Jehoshaphat the son of Paruach, in Issachar; i.e., over the whole of the territory of that tribe in the plain of Jezreel, with the exception of the cities of Taanach, Megiddo, and Bethshean, which were in the southern portion of it, and were allotted to the Manassites, and, according to 1Ki 4:12, were put under the care of Baanah; and not merely in the northern part of Issachar, “with the exception of the plain of Jezreel,” as Thenius erroneously maintains.

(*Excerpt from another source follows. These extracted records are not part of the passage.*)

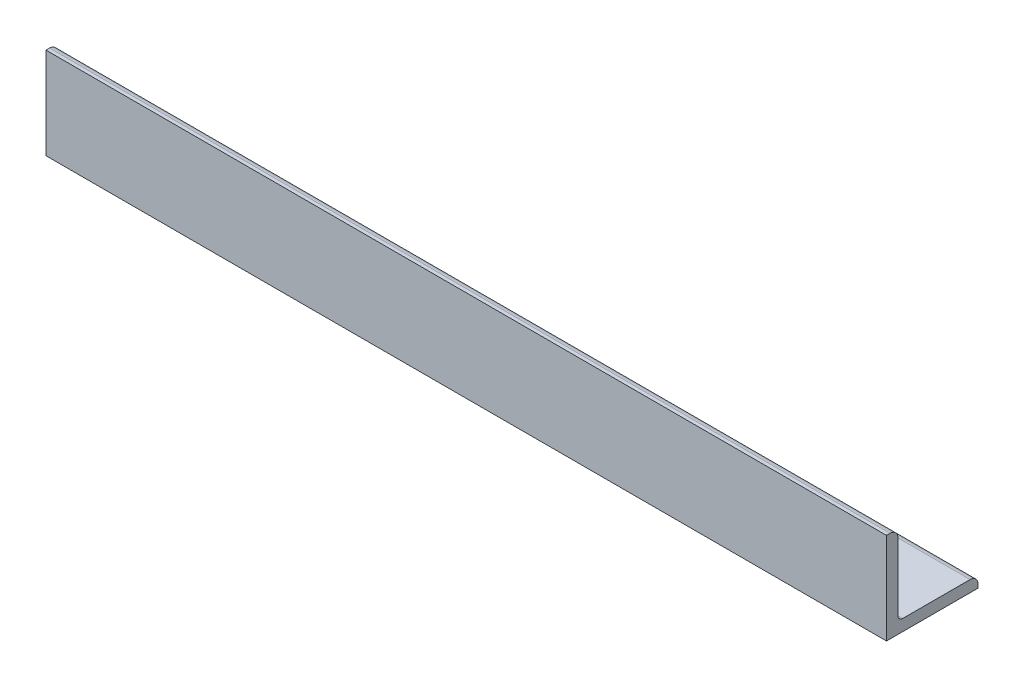
from build123d import *

# Parameters (mm, degrees)
A_O_CANTONEIRA_LAMINADA_1020_3_16X1_1_2_DEPTH = 350
ESBO_O4_R                                     = 4
CORTE_EXTRUS_O1_DEPTH                         = 184.107127114


with BuildPart() as part:
    # Sketch11 → Aço cantoneira laminada 1020 3-16X1-1-2(1) (new body)
    with BuildSketch(Plane(origin=(-175, 0, 0), x_dir=(0, 0, -1), z_dir=(1, 0, 0))):
        with BuildLine():
            Line((0, 0), (0, 38.1))
            Line((0, 38.1), (1.5, 38.1))
            ThreePointArc((1.5, 38.1), (3.806935874, 37.144435874), (4.7625, 34.8375))
            Line((4.7625, 34.8375), (4.7625, 6.7625))
            ThreePointArc((4.7625, 6.7625), (5.348286438, 5.348286438), (6.7625, 4.7625))
            Line((6.7625, 4.7625), (34.8375, 4.7625))
            ThreePointArc((34.8375, 4.7625), (37.144435874, 3.806935874), (38.1, 1.5))
            Line((38.1, 1.5), (38.1, 0))
            Line((38.1, 0), (0, 0))
        make_face()
    extrude(amount=A_O_CANTONEIRA_LAMINADA_1020_3_16X1_1_2_DEPTH)

    # Esboço4 → Corte-extrusão1 (cut, through all)
    with BuildSketch(Plane(origin=(0, 0, 0), x_dir=(1, 0, 0), z_dir=(0, 1, 0))):
        with Locations(Location((-87.5, 19.76, 0), (0, 0, 90))):
            Circle(ESBO_O4_R)
        with Locations(Location((87.5, 19.76, 0), (0, 0, 90))):
            Circle(ESBO_O4_R)
        with BuildLine():
            Line((-5, 12), (-5, 26.1))
            ThreePointArc((-5, 26.1), (0, 31.1), (5, 26.1))
            Line((5, 26.1), (5, 12))
            ThreePointArc((5, 12), (0, 7), (-5, 12))
        make_face()
    extrude(amount=CORTE_EXTRUS_O1_DEPTH, mode=Mode.SUBTRACT)


solid = part.part
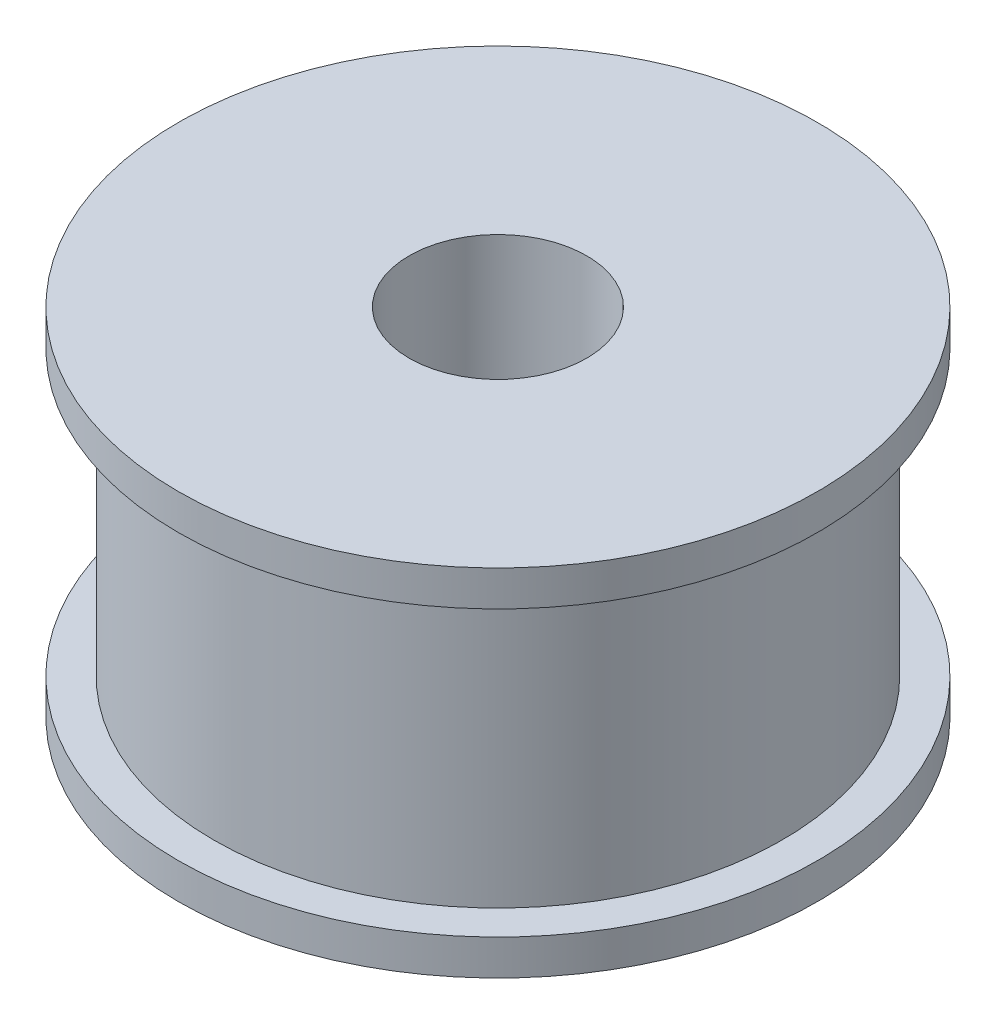
from build123d import *

# Parameters (mm, degrees)
SKETCH_1_R      = 9
SKETCH_1_R_2    = 2.5
EXTRUDE_1_DEPTH = 1
SKETCH_2_R      = 8
SKETCH_2_R_2    = 2.5
EXTRUDE_2_DEPTH = 8
SKETCH_3_R      = 9
SKETCH_3_R_2    = 2.5
EXTRUDE_3_DEPTH = 1


with BuildPart() as part:
    # Эскиз1 → Бобышка-Вытянуть1 (new body)
    with BuildSketch(Plane(origin=(0, 0, 0), x_dir=(1, 0, 0), z_dir=(0, 1, 0))):
        with Locations(Location((0, 0, 0), (0, 0, 270))):
            Circle(SKETCH_1_R)
        with Locations(Location((0, 0, 0), (0, 0, 270))):
            Circle(SKETCH_1_R_2, mode=Mode.SUBTRACT)
    extrude(amount=EXTRUDE_1_DEPTH)

    # Эскиз2 → Бобышка-Вытянуть2 (add)
    with BuildSketch(Plane(origin=(0, 1, 0), x_dir=(1, 0, 0), z_dir=(0, 1, 0))):
        with Locations(Location((0, 0, 0), (0, 0, 270))):
            Circle(SKETCH_2_R)
        with Locations(Location((0, 0, 0), (0, 0, 270))):
            Circle(SKETCH_2_R_2, mode=Mode.SUBTRACT)
    extrude(amount=EXTRUDE_2_DEPTH)

    # Эскиз3 → Бобышка-Вытянуть3 (add)
    with BuildSketch(Plane(origin=(0, 9, 0), x_dir=(1, 0, 0), z_dir=(0, 1, 0))):
        with Locations(Location((0, 0, 0), (0, 0, 270))):
            Circle(SKETCH_3_R)
        with Locations(Location((0, 0, 0), (0, 0, 270))):
            Circle(SKETCH_3_R_2, mode=Mode.SUBTRACT)
    extrude(amount=EXTRUDE_3_DEPTH)


solid = part.part
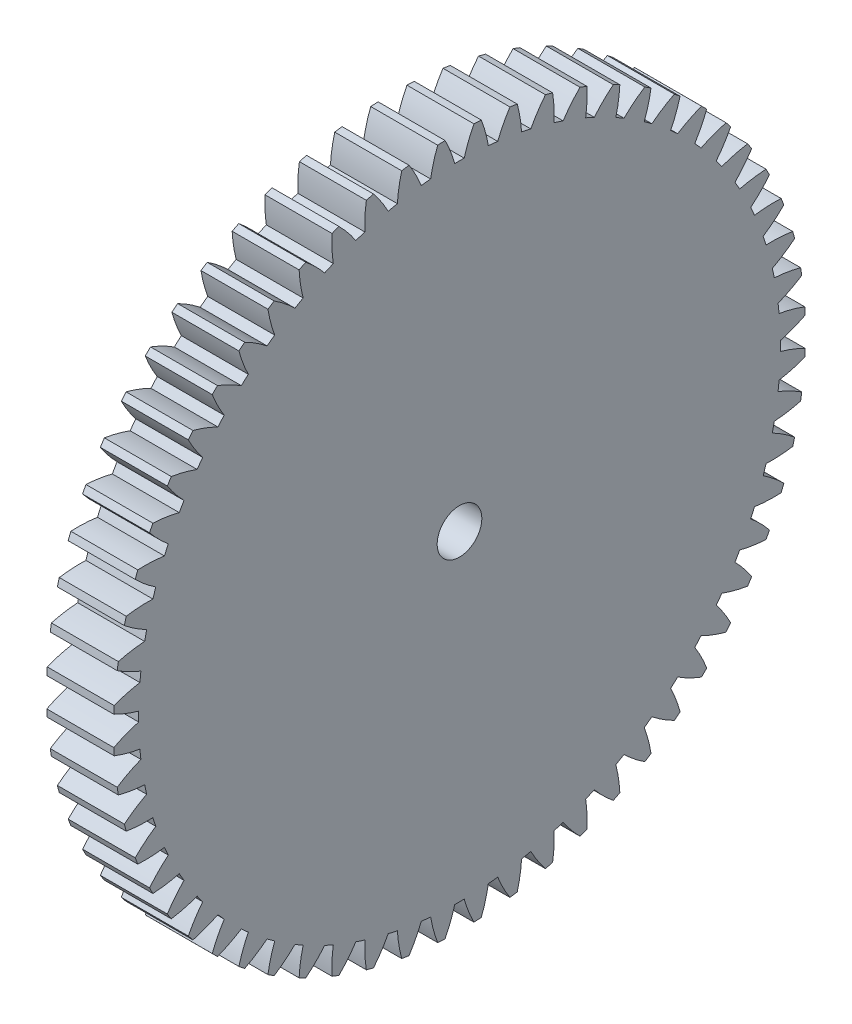
from build123d import *

# Parameters (mm, degrees)
BASPROSKE_W     = 12
BASPROSKE_H     = 62
TOOTHCUT_DEPTH  = 89.498587559
TEETHCUTS_COUNT = 60
TEETHCUTS_ANGLE = 354
BORSKE_R        = 4
BORE_DEPTH      = 50.0000508


with BuildPart() as part:
    # BasProSke → Base-Revolve (revolve)
    with BuildSketch(Plane(origin=(0, 0, 0), x_dir=(1, 0, 0), z_dir=(0, 1, 0)), mode=Mode.PRIVATE) as base_revolve_sk:
        with Locations((6, 31)):
            Rectangle(BASPROSKE_W, BASPROSKE_H)
    revolve(base_revolve_sk.sketch.rotate(Axis((-10, 0, 0), (1, 0, 0)), 180), axis=Axis((-10, 0, 0), (1, 0, 0)))

    # TooCutSke → ToothCut (cut, through all)
    with BuildSketch(Plane(origin=(0, 0, 0), x_dir=(0, 0, -1), z_dir=(1, 0, 0))):
        with BuildLine():
            ThreePointArc((0.845486153, 57.492783496), (0, 57.499), (-0.845486153, 57.492783496))
            ThreePointArc((-0.845486153, 57.492783496), (-1.608476959, 59.775867605), (-2.596335387, 61.971035877))
            ThreePointArc((-2.596335387, 61.971035877), (0, 62.0254), (2.596335387, 61.971035877))
            ThreePointArc((2.596335387, 61.971035877), (1.608476959, 59.775867605), (0.845486153, 57.492783496))
        make_face()
    toothcut = extrude(amount=TOOTHCUT_DEPTH, mode=Mode.SUBTRACT)

    # TeethCuts: ToothCut ×60 about axis
    teethcuts_axis = Axis((-10, 0, 0), (1, 0, 0))
    for i in range(1, TEETHCUTS_COUNT):
        add(toothcut.rotate(teethcuts_axis, i * TEETHCUTS_ANGLE / (TEETHCUTS_COUNT - 1)), mode=Mode.SUBTRACT)

    # BorSke → Bore (cut, symmetric)
    with BuildSketch(Plane(origin=(0, 0, 0), x_dir=(0, 0, -1), z_dir=(1, 0, 0))):
        with Locations(Location((0, 0, 0), (0, 0, 180))):
            Circle(BORSKE_R)
    extrude(amount=BORE_DEPTH, both=True, mode=Mode.SUBTRACT)


solid = part.part
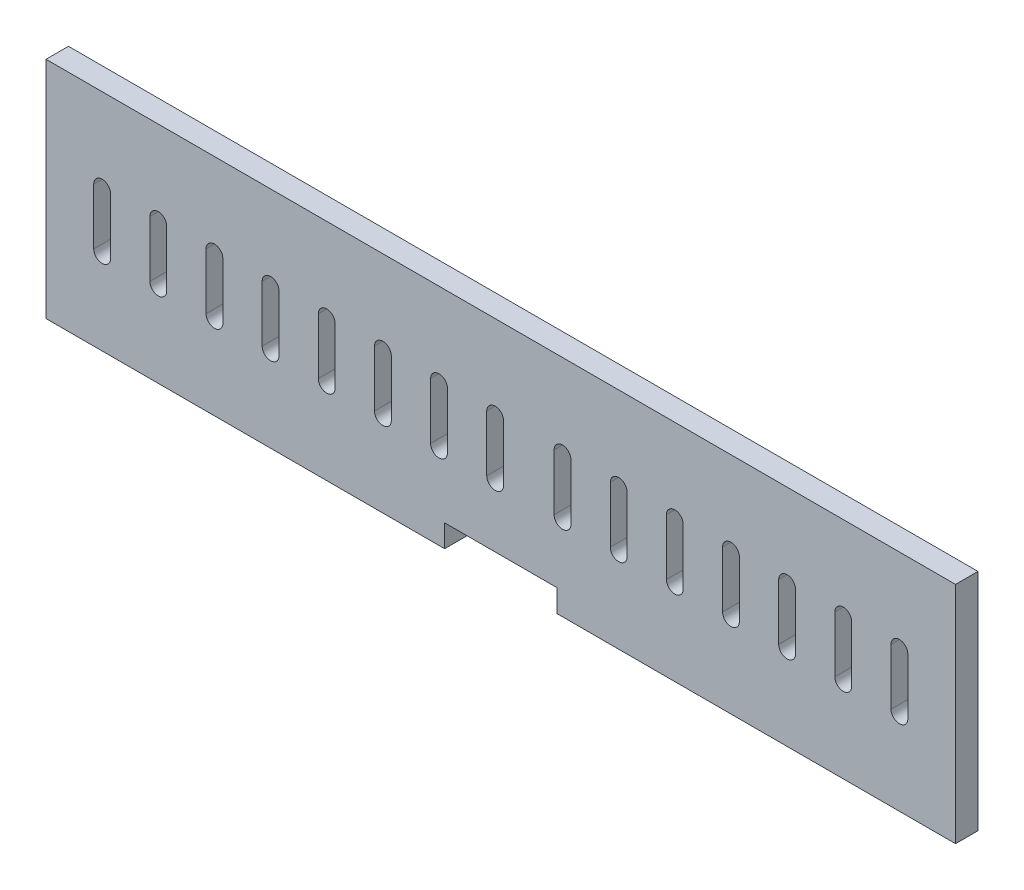
from build123d import *

# Parameters (mm, degrees)
BOSS_EXTRUDE1_DEPTH = 4


with BuildPart() as part:
    # Sketch1 → Boss-Extrude1 (new body)
    with BuildSketch(Plane.XY):
        Polygon((162, 0), (0, 0), (0, -40), (71, -40), (71, -36), (91, -36), (91, -40), (162, -40), align=None)
        with BuildLine():
            ThreePointArc((8.5, -15), (10, -13.5), (11.5, -15))
            Line((11.5, -15), (11.5, -25))
            ThreePointArc((11.5, -25), (10, -26.5), (8.5, -25))
            Line((8.5, -25), (8.5, -15))
        make_face(mode=Mode.SUBTRACT)
        with BuildLine():
            Line((18.5, -25), (18.5, -15))
            ThreePointArc((18.5, -15), (20, -13.5), (21.5, -15))
            Line((21.5, -15), (21.5, -25))
            ThreePointArc((21.5, -25), (20, -26.5), (18.5, -25))
        make_face(mode=Mode.SUBTRACT)
        with BuildLine():
            ThreePointArc((28.5, -15), (30, -13.5), (31.5, -15))
            Line((31.5, -15), (31.5, -25))
            ThreePointArc((31.5, -25), (30, -26.5), (28.5, -25))
            Line((28.5, -25), (28.5, -15))
        make_face(mode=Mode.SUBTRACT)
        with BuildLine():
            Line((38.5, -25), (38.5, -15))
            ThreePointArc((38.5, -15), (40, -13.5), (41.5, -15))
            Line((41.5, -15), (41.5, -25))
            ThreePointArc((41.5, -25), (40, -26.5), (38.5, -25))
        make_face(mode=Mode.SUBTRACT)
        with BuildLine():
            ThreePointArc((68.5, -15), (70, -13.5), (71.5, -15))
            Line((71.5, -15), (71.5, -25))
            ThreePointArc((71.5, -25), (70, -26.5), (68.5, -25))
            Line((68.5, -25), (68.5, -15))
        make_face(mode=Mode.SUBTRACT)
        with BuildLine():
            Line((78.5, -25), (78.5, -15))
            ThreePointArc((78.5, -15), (80, -13.5), (81.5, -15))
            Line((81.5, -15), (81.5, -25))
            ThreePointArc((81.5, -25), (80, -26.5), (78.5, -25))
        make_face(mode=Mode.SUBTRACT)
        with BuildLine():
            Line((90.5, -25), (90.5, -15))
            ThreePointArc((90.5, -15), (92, -13.5), (93.5, -15))
            Line((93.5, -15), (93.5, -25))
            ThreePointArc((93.5, -25), (92, -26.5), (90.5, -25))
        make_face(mode=Mode.SUBTRACT)
        with BuildLine():
            ThreePointArc((100.5, -15), (102, -13.5), (103.5, -15))
            Line((103.5, -15), (103.5, -25))
            ThreePointArc((103.5, -25), (102, -26.5), (100.5, -25))
            Line((100.5, -25), (100.5, -15))
        make_face(mode=Mode.SUBTRACT)
        with BuildLine():
            ThreePointArc((120.5, -15), (122, -13.5), (123.5, -15))
            Line((123.5, -15), (123.5, -25))
            ThreePointArc((123.5, -25), (122, -26.5), (120.5, -25))
            Line((120.5, -25), (120.5, -15))
        make_face(mode=Mode.SUBTRACT)
        with BuildLine():
            Line((130.5, -25), (130.5, -15))
            ThreePointArc((130.5, -15), (132, -13.5), (133.5, -15))
            Line((133.5, -15), (133.5, -25))
            ThreePointArc((133.5, -25), (132, -26.5), (130.5, -25))
        make_face(mode=Mode.SUBTRACT)
        with BuildLine():
            ThreePointArc((140.5, -15), (142, -13.5), (143.5, -15))
            Line((143.5, -15), (143.5, -25))
            ThreePointArc((143.5, -25), (142, -26.5), (140.5, -25))
            Line((140.5, -25), (140.5, -15))
        make_face(mode=Mode.SUBTRACT)
        with BuildLine():
            Line((150.5, -25), (150.5, -15))
            ThreePointArc((150.5, -15), (152, -13.5), (153.5, -15))
            Line((153.5, -15), (153.5, -25))
            ThreePointArc((153.5, -25), (152, -26.5), (150.5, -25))
        make_face(mode=Mode.SUBTRACT)
        with BuildLine():
            ThreePointArc((48.5, -15), (50, -13.5), (51.5, -15))
            Line((51.5, -15), (51.5, -25))
            ThreePointArc((51.5, -25), (50, -26.5), (48.5, -25))
            Line((48.5, -25), (48.5, -15))
        make_face(mode=Mode.SUBTRACT)
        with BuildLine():
            Line((58.5, -25), (58.5, -15))
            ThreePointArc((58.5, -15), (60, -13.5), (61.5, -15))
            Line((61.5, -15), (61.5, -25))
            ThreePointArc((61.5, -25), (60, -26.5), (58.5, -25))
        make_face(mode=Mode.SUBTRACT)
        with BuildLine():
            Line((110.5, -25), (110.5, -15))
            ThreePointArc((110.5, -15), (112, -13.5), (113.5, -15))
            Line((113.5, -15), (113.5, -25))
            ThreePointArc((113.5, -25), (112, -26.5), (110.5, -25))
        make_face(mode=Mode.SUBTRACT)
    extrude(amount=BOSS_EXTRUDE1_DEPTH)


solid = part.part

Zebulun may possibly have also formed part of his district, if not entirely, yet in its southern portion, provided that the northern portion was assigned to Ahimaaz in Naphtali, since Zebulun had no prefect of its own.

1Ki 4:18

Shimei the son of Elah, possibly the one mentioned in 1Ki 1:8, in Benjamin.

1Ki 4:19

Geber the son of Uri, in the land of Gilead, i.e., as the apposition “the land of Sihon ... and of Og...” clearly shows, the whole of the Israelitish land on the east of the Jordan, as in Deu 34:1; Jdg 20:1, etc., with the simple exception of the districts placed under Bengeber and Ahinadab (1Ki 4:13 and 1Ki 4:14). אֶחָד נְצִיב, “one president was it who (was) in the land (of Gilead).” נְצִיב cannot signify a military post or a garrison here, as in 1Sa 10:5; 1Sa 13:3, etc., but is equivalent to נִצָּב, the president (1Ki 4:7). The meaning is, that notwithstanding the great extent of this district, it had only one prefect.